The effect of ICT can be positive if specific conditions are matched.
The globalisation of the digital economy increases the complexity and the uncertainty in the
enforcement of contractual agreements (Milosevic et al., 2003). From the transaction costs
perspective this more complex and uncertain environment also makes the definition of
contractual agreements more difficult and expensive. Angelov and Grefen (2003) depict that the
increased complexity and uncertainty faced by companies in digital markets are the reasons for
the increased number of contracts established by companies trading in these markets. In extreme
cases, these authors argue that a situation of contract overload has occurred. Daskalopulu and
Sergot (1997) provide evidence highlighting the increased complexity of the content of these
contracts, which supports the argument presented in this paper: higher costs will be incurred in
order to stipulate the use of contracts under these conditions.
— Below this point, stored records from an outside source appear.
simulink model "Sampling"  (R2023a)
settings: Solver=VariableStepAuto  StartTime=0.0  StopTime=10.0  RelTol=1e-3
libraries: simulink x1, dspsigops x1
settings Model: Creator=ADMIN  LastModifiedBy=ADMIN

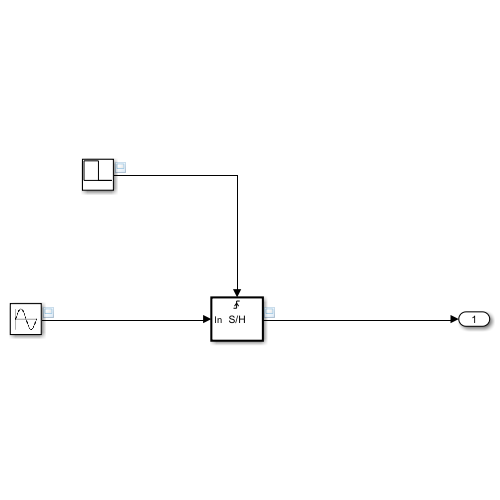
[thumbnail: Simulink's stored preview of the top-level diagram]
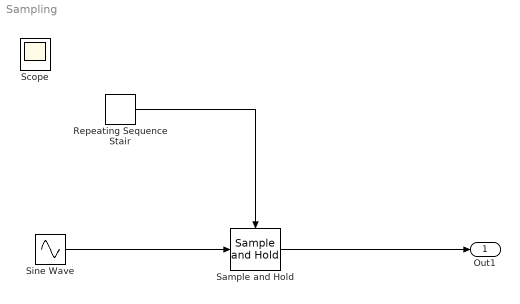
== system Sampling ==
  Repeating Sequence Stair : simulink/Sources/Repeating Sequence Stair  OutValues=[1 0].'  tsamp=-1  OutMin=[]  OutMax=[]  OutDataTypeStr=double  OutputDataTypeScalingMode=double  OutDataType=fixdt(0,8)  ConRadixGroup=Best Precision: Vector-wise  OutScaling=2^-12
  Sample and Hold : dspsigops/Sample and Hold  trig=Rising edge  initCond=0  latchinput=off
  Sine Wave : Sin  Amplitude=5  SampleTime=0
  Out1 : Outport
  Scope : Scope
  wires:
  Sample and Hold/1 -> Out1/1
  Repeating Sequence Stair/1 -> Sample and Hold/Trigger
  Sine Wave/1 -> Sample and Hold/1
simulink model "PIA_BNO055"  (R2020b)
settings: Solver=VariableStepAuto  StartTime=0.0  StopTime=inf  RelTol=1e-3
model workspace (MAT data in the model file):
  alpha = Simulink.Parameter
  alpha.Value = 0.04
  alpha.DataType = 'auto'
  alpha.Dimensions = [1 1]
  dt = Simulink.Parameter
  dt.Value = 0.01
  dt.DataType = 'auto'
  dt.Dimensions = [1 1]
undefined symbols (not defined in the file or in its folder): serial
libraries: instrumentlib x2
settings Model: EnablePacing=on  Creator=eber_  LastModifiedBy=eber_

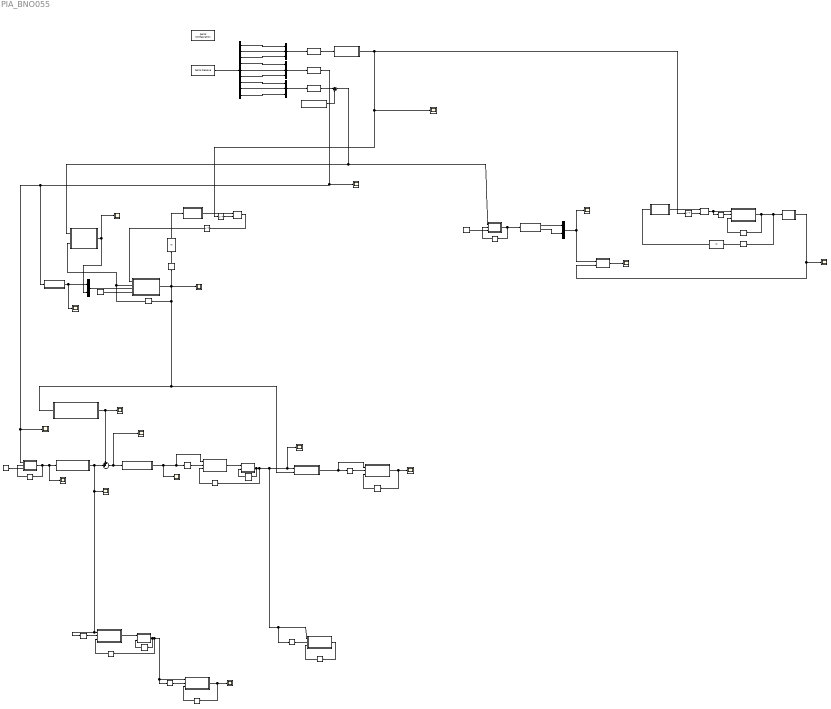
== system PIA_BNO055 ==
  note: Linear Motion
  note: w/ Transformation Matrix
  note: Angles Determination
  note: Average
  note: Data Acquisition and Calibration
  Accelerometer Angles : MATLAB Function  TreatAsAtomicUnit=on
  Axes Change : MATLAB Function  TreatAsAtomicUnit=on
  Axes Transformation : MATLAB Function  TreatAsAtomicUnit=on
  Band Rejection : MATLAB Function  TreatAsAtomicUnit=on
  Chart : Stateflow chart  TreatAsAtomicUnit=on
  Compensation Calculation : MATLAB Function  TreatAsAtomicUnit=on
  Constant : Constant  Value=[-5.2188; 35.3125; 21.1563]
  Data Type Conversion : DataTypeConversion  OutDataTypeStr=double
  Data Type Conversion1 : DataTypeConversion  OutDataTypeStr=double
  Data Type Conversion2 : DataTypeConversion  OutDataTypeStr=double
  Delay1 : Delay  DelayLength=5
  Delay2 : Delay  DelayLength=5
  Demux4 : Demux  Outputs=9
  Displacement : Scope
  Displacement2 : Scope
  IC10 : InitialCondition  Value=[0; 0; 0]
  IC11 : InitialCondition  Value=[0, 0, 0]
  Integration : MATLAB Function  TreatAsAtomicUnit=on
  Integration1 : MATLAB Function  TreatAsAtomicUnit=on
  Integration2 : MATLAB Function  TreatAsAtomicUnit=on
  Integration3 : MATLAB Function  TreatAsAtomicUnit=on
  Integration4 : MATLAB Function  TreatAsAtomicUnit=on
  MATLAB Function13 : MATLAB Function  TreatAsAtomicUnit=on
  MATLAB Function14 : MATLAB Function  TreatAsAtomicUnit=on
  MATLAB Function18 : MATLAB Function  TreatAsAtomicUnit=on
  MATLAB Function20 : MATLAB Function  TreatAsAtomicUnit=on
  MATLAB Function21 : MATLAB Function  TreatAsAtomicUnit=on
  MATLAB Function24 : MATLAB Function  TreatAsAtomicUnit=on
  MATLAB Function25 : MATLAB Function  TreatAsAtomicUnit=on
  Matrix Multiply7 : Product  Multiplication=Matrix(*)
  Matrix Multiply8 : Product  Multiplication=Matrix(*)
  Memory{35..36,38,41,47,50} (6 alike) : Memory  InitialCondition=[0, 0, 0]
  Memory{37,39..40,42..46,48..49,51} (11 alike) : Memory
  Mux16 : Mux  Inputs=3
  Mux17 : Mux  Inputs=2
  Mux18 : Mux  Inputs=2
  Mux3 : Mux  Inputs=3
  Mux4 : Mux  Inputs=3
  Scope{1..3,23..28,30,32,35..37,39} (15 alike) : Scope
  Serial Configuration : instrumentlib/Serial Configuration  Priority=-200000  ComPortMenu=<Please select a port...>  ComPort=COM3  ObjConstructor=serial('COM3');  BaudRate=115200  DataBits=8  Parity=none  StopBits=1  FlowControl=none  Timeout=10  ByteOrder=LittleEndian
  Serial Receive : instrumentlib/Serial Receive  ComPortMenu=<Please select a port...>  ComPort=COM3  ObjConstructor=serial('COM3');  Terminator=<none>  DataSize="[1  9]"  DataType=single  EnableBlockingMode=on  ActionDataUnavailable=Output last received value  CustomValue=0  SampleTime=0.02
  Sum : Sum  Inputs=|+-
  Sum1 : Sum  Inputs=++|
  Tilt compensation : MATLAB Function  TreatAsAtomicUnit=on
  Transformation Matrix : MATLAB Function  TreatAsAtomicUnit=on
  Transformation Matrix7 : MATLAB Function  TreatAsAtomicUnit=on
  Transpose10 : Math  Operator=transpose  SaturateOnIntegerOverflow=on
  Transpose11 : Math  Operator=transpose  SaturateOnIntegerOverflow=on
  Transpose12 : Math  Operator=transpose  SaturateOnIntegerOverflow=on
  Trapezoid8 : MATLAB Function  TreatAsAtomicUnit=on
  Velocity Frame Rotation : MATLAB Function  TreatAsAtomicUnit=on
  alpha10 : Constant  Value=0.055
  alpha7 : Constant  Value=0.04
  alpha8 : Constant  Value=0.5
  wires:
  Data Type Conversion/1 -> Chart/1(gyroIn)
  Serial Receive/1 -> Demux4/1
  Demux4/2 -> Mux3/2
  Demux4/1 -> Mux3/1
  Demux4/3 -> Mux3/3
  Demux4/5 -> Mux4/2
  Demux4/4 -> Mux4/1
  Demux4/6 -> Mux4/3
  Mux3/1 -> Data Type Conversion/1  "gyro"
  Mux4/1 -> Data Type Conversion1/1  "acc"
  Demux4/7 -> Mux16/1
  Demux4/8 -> Mux16/2
  Demux4/9 -> Mux16/3
  Mux16/1 -> Data Type Conversion2/1  "mag"
  Constant/1 -> Sum/2
  Tilt compensation/1(psi) -> Mux17/2, Scope23/1
  Memory35/1 -> Tilt compensation/2(angles), MATLAB Function13/2(Xa)
  MATLAB Function13/1(X) -> Memory48/1, Scope26/1, Memory35/1, Compensation Calculation/1(euler), Velocity Frame Rotation/2(euler)
  alpha7/1 -> MATLAB Function13/4(alpha)
  MATLAB Function14/1(angAcc) -> Mux17/1, Scope39/1
  Mux17/1 -> MATLAB Function13/3(angAcc)
  Compensation Calculation/1(gravB) -> Scope24/1, Sum1/1
  Band Rejection/1(bandRejected) -> Scope25/1, Memory37/1, Integration/1(X_dot)  "raw"
  Memory36/1 -> Integration/3(X)
  Memory37/1 -> Integration/2(X_dot_prev)
  Integration/1(X_out) -> MATLAB Function20/1(u)
  Delay2/1 -> MATLAB Function20/2(uA)
  Integration1/1(X_out) -> Displacement/1, Memory38/1
  Memory39/1 -> Integration1/2(X_dot_prev)
  Memory38/1 -> Integration1/3(X)
  Velocity Frame Rotation/1(velInertial) -> Integration1/1(X_dot), Memory39/1  "raw"
  Sum/1 -> Tilt compensation/1(mag), MATLAB Function24/1(U)
  Memory42/1 -> MATLAB Function24/2(Xa)
  MATLAB Function24/1(X) -> Accelerometer Angles/1(acc), Memory42/1
  alpha10/1 -> MATLAB Function24/3(alpha)
  Transformation Matrix7/1(H) -> Matrix Multiply7/1
  Memory45/1 -> IC10/1
  IC10/1 -> Transformation Matrix7/1(Phi)
  Matrix Multiply7/1 -> Trapezoid8/1(Euler_dot), Memory44/1
  Transpose10/1 -> Matrix Multiply7/2
  Trapezoid8/1(Euler_out) -> Memory43/1, Axes Change/1(u), Memory45/1
  Memory44/1 -> Trapezoid8/2(Euler_dot_prev)
  Memory43/1 -> Trapezoid8/3(Euler)
  Accelerometer Angles/1(phi_acc) -> Mux18/1
  Accelerometer Angles/2(theta_acc) -> Mux18/2
  Mux18/1 -> MATLAB Function25/1(acc), Scope37/1
  Axes Change/1(y) -> Scope36/1, MATLAB Function25/2(gyro)
  MATLAB Function25/1(prom) -> Scope35/1
  Memory48/1 -> IC11/1
  IC11/1 -> Transformation Matrix/1(Phi)
  Chart/1(gyroOut) -> Transpose10/1, Scope3/1, Transpose11/1
  Matrix Multiply8/1 -> Transpose12/1
  Transpose11/1 -> Matrix Multiply8/2
  Transformation Matrix/1(H) -> Matrix Multiply8/1
  Transpose12/1 -> MATLAB Function13/1(G)
  Sum1/1 -> Band Rejection/1(compensatedAcc), Scope32/1
  alpha8/1 -> MATLAB Function18/3(alpha)
  Memory40/1 -> MATLAB Function18/2(Xa)
  MATLAB Function18/1(X) -> Memory40/1, Axes Transformation/1(accNWUbody), Scope30/1
  MATLAB Function20/1(y) -> Delay2/1, Memory36/1, Scope1/1, Velocity Frame Rotation/1(velBody), Integration2/1(X_dot), Memory46/1  "raw"
  Memory41/1 -> Integration2/3(X)
  Memory46/1 -> Integration2/2(X_dot_prev)
  Integration2/1(X_out) -> Memory41/1
  Delay1/1 -> MATLAB Function21/2(uA)
  Integration4/1(X_out) -> MATLAB Function21/1(u)
  Memory49/1 -> Integration4/2(X_dot_prev)
  Memory47/1 -> Integration4/3(X)
  Axes Transformation/1(accNEDbody) -> Sum1/2, Integration4/1(X_dot), Memory49/1, Scope28/1  "raw"
  Integration3/1(X_out) -> Displacement2/1, Memory50/1
  Memory51/1 -> Integration3/2(X_dot_prev)
  Memory50/1 -> Integration3/3(X)
  MATLAB Function21/1(y) -> Memory47/1, Integration3/1(X_dot), Memory51/1, Delay1/1  "raw"
  Data Type Conversion1/1 -> MATLAB Function14/1(acc), Scope27/1, MATLAB Function18/1(U), Scope2/1
  Data Type Conversion2/1 -> Sum/1

== matlab function PIA_BNO055/MATLAB Function14 ==
  data: acc input; angAcc output
function angAcc  = fcn(acc)
ax = acc(1);
ay = acc(2);
az = acc(3);

phi_acc = atand(ay/sqrt(ax^2 + az^2));
theta_acc = atand(ax/sqrt(ay^2 + az^2));


angAcc = [phi_acc, theta_acc]

== matlab function PIA_BNO055/Compensation Calculation ==
  data: euler input; gravB output
function gravB = fcn(euler)
euler = deg2rad(euler);
phi = euler(1);
theta = euler(2);
psi = euler(3);
R = eul2rotm([psi, theta, phi]);
gravI = [0; 0; 9.45];
gravB = R'*gravI;

== matlab function PIA_BNO055/Axes Transformation ==
  data: accNWUbody input; accNEDbody output
function accNEDbody = fcn(accNWUbody)
accNEDbody = [accNWUbody(1); -accNWUbody(2); -accNWUbody(3)];

== matlab function PIA_BNO055/Integration ==
  data: X_dot input; X_dot_prev input; X_out output; X input
function X_out = fcn(X_dot, X_dot_prev, X)
dt = 0.02;

phi_dot = X_dot(1);
theta_dot = X_dot(2);
psi_dot = X_dot(3);


phi_dot_prev = X_dot_prev(1);
theta_dot_prev = X_dot_prev(2);
psi_dot_prev = X_dot_prev(3);


phi = X(1);
theta = X(2);
psi = X(3);


phi = phi + dt*phi_dot - dt*((phi_dot - phi_dot_prev)/2);
theta = theta + dt*theta_dot - dt*((theta_dot - theta_dot_prev)/2);
psi = psi + dt*psi_dot - dt*((psi_dot - psi_dot_prev)/2);

X_out = [phi; theta; psi];

== matlab function PIA_BNO055/Band Rejection ==
  data: compensatedAcc input; bandRejected output
function bandRejected = fcn(compensatedAcc)
x = compensatedAcc(1);
y = compensatedAcc(2);
z = compensatedAcc(3);

if abs(x) < 0.1
    x = 0;
end

if abs(y) < 0.1
    y = 0;
end

if abs(z) < 0.1
    z = 0;
end

bandRejected = [x, y, z];

== matlab function PIA_BNO055/Velocity Frame Rotation ==
  data: velBody input; velInertial output; euler input
function velInertial = fcn(velBody, euler)
euler = deg2rad(euler);
phi = euler(1);
theta = euler(2);
psi = euler(3);
R = eul2rotm([psi, theta, phi]);
velInertial = R*velBody;

== matlab function PIA_BNO055/MATLAB Function20 ==
  data: u input; y output; uA input
function y = fcn(u, uA)

if u == uA
    y = [0; 0; 0];
else
    y = u;
end

== matlab function PIA_BNO055/MATLAB Function18 ==
  data: U input; X output; Xa input; alpha input
function X = fcn(U, Xa, alpha)
X = alpha*U + (1 - alpha)*Xa;

== matlab function PIA_BNO055/Accelerometer Angles ==
  data: acc input; phi_acc output; theta_acc output
function [phi_acc, theta_acc] = fcn(acc)
ax = acc(1);
ay = acc(2);
az = acc(3);

phi_acc = atand(ay/sqrt(ax^2 + az^2));
theta_acc = atand(ax/sqrt(ay^2 + az^2));

== matlab function PIA_BNO055/MATLAB Function24 ==
  data: U input; X output; Xa input; alpha input
function X = fcn(U, Xa, alpha)
X = alpha*U + (1 - alpha)*Xa;

== matlab function PIA_BNO055/Transformation Matrix7 ==
  data: Phi input; H output
function H = fcn(Phi)
Phi = deg2rad(Phi);

phi = Phi(1);
theta = Phi(2);
psi = Phi(3);

H = [1 tan(theta)*sin(phi) tan(theta)*cos(phi);
    0 cos(phi) -sin(phi);
    0 sin(phi)/cos(theta) cos(phi)/cos(theta)];

== matlab function PIA_BNO055/Trapezoid8 ==
  data: Euler_dot input; Euler_dot_prev input; Euler_out output; Euler input
function Euler_out = fcn(Euler_dot, Euler_dot_prev, Euler)
dt = 0.02;

phi_dot = Euler_dot(1);
theta_dot = Euler_dot(2);
psi_dot = Euler_dot(3);


phi_dot_prev = Euler_dot_prev(1);
theta_dot_prev = Euler_dot_prev(2);
psi_dot_prev = Euler_dot_prev(3);


phi = Euler(1);
theta = Euler(2);
psi = Euler(3);


phi = phi + dt*phi_dot - dt*((phi_dot - phi_dot_prev)/2);
theta = theta + dt*theta_dot - dt*((theta_dot - theta_dot_prev)/2);
psi = psi + dt*psi_dot - dt*((psi_dot - psi_dot_prev)/2);

Euler_out = [phi; theta; psi];

== matlab function PIA_BNO055/MATLAB Function25 ==
  data: acc input; prom output; gyro input
function prom = fcn(acc, gyro)
phiprom = (acc(1) + gyro(1))/2;
thetaprom = (acc(2) + gyro(2))/2;
prom = [phiprom, thetaprom];

== matlab function PIA_BNO055/Axes Change ==
  data: u input; y output
function y = fcn(u)
phi = u(1);
theta = -u(2);
psi = -u(3);

y = [phi, theta, psi]

== matlab function PIA_BNO055/Transformation Matrix ==
  data: Phi input; H output
function H = fcn(Phi)
Phi = deg2rad(Phi);

phi = Phi(1);
theta = Phi(2);
psi = Phi(3);

H = [1 tan(theta)*sin(phi) tan(theta)*cos(phi);
    0 cos(phi) -sin(phi);
    0 sin(phi)/cos(theta) cos(phi)/cos(theta)];

== matlab function PIA_BNO055/MATLAB Function21 ==
  data: u input; y output; uA input
function y = fcn(u, uA)

if u == uA
    y = [0; 0; 0];
else
    y = u;
end

== matlab function PIA_BNO055/Integration1 ==
  data: X_dot input; X_dot_prev input; X_out output; X input
function X_out = fcn(X_dot, X_dot_prev, X)
dt = 0.02;

phi_dot = X_dot(1);
theta_dot = X_dot(2);
psi_dot = X_dot(3);


phi_dot_prev = X_dot_prev(1);
theta_dot_prev = X_dot_prev(2);
psi_dot_prev = X_dot_prev(3);


phi = X(1);
theta = X(2);
psi = X(3);


phi = phi + dt*phi_dot - dt*((phi_dot - phi_dot_prev)/2);
theta = theta + dt*theta_dot - dt*((theta_dot - theta_dot_prev)/2);
psi = psi + dt*psi_dot - dt*((psi_dot - psi_dot_prev)/2);

X_out = [phi; theta; psi];

== matlab function PIA_BNO055/Integration2 ==
  data: X_dot input; X_dot_prev input; X_out output; X input
function X_out = fcn(X_dot, X_dot_prev, X)
dt = 0.02;

phi_dot = X_dot(1);
theta_dot = X_dot(2);
psi_dot = X_dot(3);


phi_dot_prev = X_dot_prev(1);
theta_dot_prev = X_dot_prev(2);
psi_dot_prev = X_dot_prev(3);


phi = X(1);
theta = X(2);
psi = X(3);


phi = phi + dt*phi_dot - dt*((phi_dot - phi_dot_prev)/2);
theta = theta + dt*theta_dot - dt*((theta_dot - theta_dot_prev)/2);
psi = psi + dt*psi_dot - dt*((psi_dot - psi_dot_prev)/2);

X_out = [phi; theta; psi];

== matlab function PIA_BNO055/Integration3 ==
  data: X_dot input; X_dot_prev input; X_out output; X input
function X_out = fcn(X_dot, X_dot_prev, X)
dt = 0.02;

phi_dot = X_dot(1);
theta_dot = X_dot(2);
psi_dot = X_dot(3);


phi_dot_prev = X_dot_prev(1);
theta_dot_prev = X_dot_prev(2);
psi_dot_prev = X_dot_prev(3);


phi = X(1);
theta = X(2);
psi = X(3);


phi = phi + dt*phi_dot - dt*((phi_dot - phi_dot_prev)/2);
theta = theta + dt*theta_dot - dt*((theta_dot - theta_dot_prev)/2);
psi = psi + dt*psi_dot - dt*((psi_dot - psi_dot_prev)/2);

X_out = [phi; theta; psi];

== matlab function PIA_BNO055/Integration4 ==
  data: X_dot input; X_dot_prev input; X_out output; X input
function X_out = fcn(X_dot, X_dot_prev, X)
dt = 0.02;

phi_dot = X_dot(1);
theta_dot = X_dot(2);
psi_dot = X_dot(3);


phi_dot_prev = X_dot_prev(1);
theta_dot_prev = X_dot_prev(2);
psi_dot_prev = X_dot_prev(3);


phi = X(1);
theta = X(2);
psi = X(3);


phi = phi + dt*phi_dot - dt*((phi_dot - phi_dot_prev)/2);
theta = theta + dt*theta_dot - dt*((theta_dot - theta_dot_prev)/2);
psi = psi + dt*psi_dot - dt*((psi_dot - psi_dot_prev)/2);

X_out = [phi; theta; psi];

== stateflow chart PIA_BNO055/Chart ==
  state initialSample
    entry:
    gyroOut = [0, 0, 0];
    pSum = 0;
    qSum = 0;
    rSum = 0;
    counter = 0;
    during:
    p = gyroIn(1);
    q = gyroIn(2);
    r = gyroIn(3);
    counter = counter + 1;
    pSum = pSum + p;
    qSum = qSum + q;
    rSum = rSum + r;
  state average
    entry:
    pOffset = pSum/counter;
    qOffset = qSum/counter;
    rOffset = rSum/counter;
    exit:
    offsets = [pOffset; qOffset; rOffset];
  state dataAcquisition
    during:
    p = gyroIn(1);
    q = gyroIn(2);
    r = gyroIn(3);
    pcorr = p - pOffset;
    qcorr = q - qOffset;
    rcorr = r - rOffset;
    gyroOut = [pcorr, qcorr, rcorr];
  (default) -> initialSample
  initialSample -> average : after(10, sec)
  average -> dataAcquisition
  data: counter local; p local; pOffset local; pSum local; r local; rOffset local; rSum local; q local; qOffset local; qSum local; offsets local; gyroOut output; pcorr local; qcorr local; rcorr local; gyroIn input

== matlab function PIA_BNO055/Tilt compensation ==
  data: mag input; psi output; angles input
function psi = fcn(mag, angles)
X = mag(1);
Y = mag(2);
Z = mag(3);
phi = angles(1);
theta = -angles(2);
Xh = X*cosd(theta) + Y*sind(theta)*sind(phi) + Z*cosd(phi)*sind(theta);
Yh = Y*cosd(phi) - Z*sind(phi);

psi = atan2d(Yh,Xh);


% Xh = X*cos(theta) + Y*sin(theta)*sin(phi) + Z*cos(phi)*sin(theta);
% Yh = Y*cos(phi) - Z*sin(phi);

% eul = [0 theta phi];
% rotmZYX = eul2rotm(eul)
% body = [X; Y; Z];
% inertial = rotmZYX*body;
% Xh = inertial(1);
% Yh = inertial(2);
% Zh = inertial(3);

== matlab function PIA_BNO055/MATLAB Function13 ==
  data: G input size=[1 3]; X output size=[1 3]; Xa input size=[1 3]; angAcc input size=[1 3]; alpha input
function X = fcn(G, Xa, angAcc, alpha)
dt = 0.02;
G = [G(1), -G(2), -G(3)];
X = (1 - alpha)*(Xa + G*dt) + alpha*angAcc;

A greater number of contracts
coupled with increased complexity leads to higher transaction costs. An increased number of
contracts create the need for a company to invest in contract management systems. The increased
complexity of contractual agreements has therefore necessitated investment in technological
solutions that facilitate the establishment and execution of electronic contracts (Allen and
Widdison, 1996; Merz et al., 1998). Once again, the cross-effects of the adoption of ICT are
difficult to assess.
4
As argued by Ciborra (1993) the evaluation of the effects of ICT on the economic system must
take into consideration the socio-technical context within which the transactions occur.
Similarly, Lacity and Willcocks (1995) argue that transactions occur in dynamic environments
that change over time, rendering it difficult to take decisions that minimise transaction costs
without considering the context within which these transactions occurs.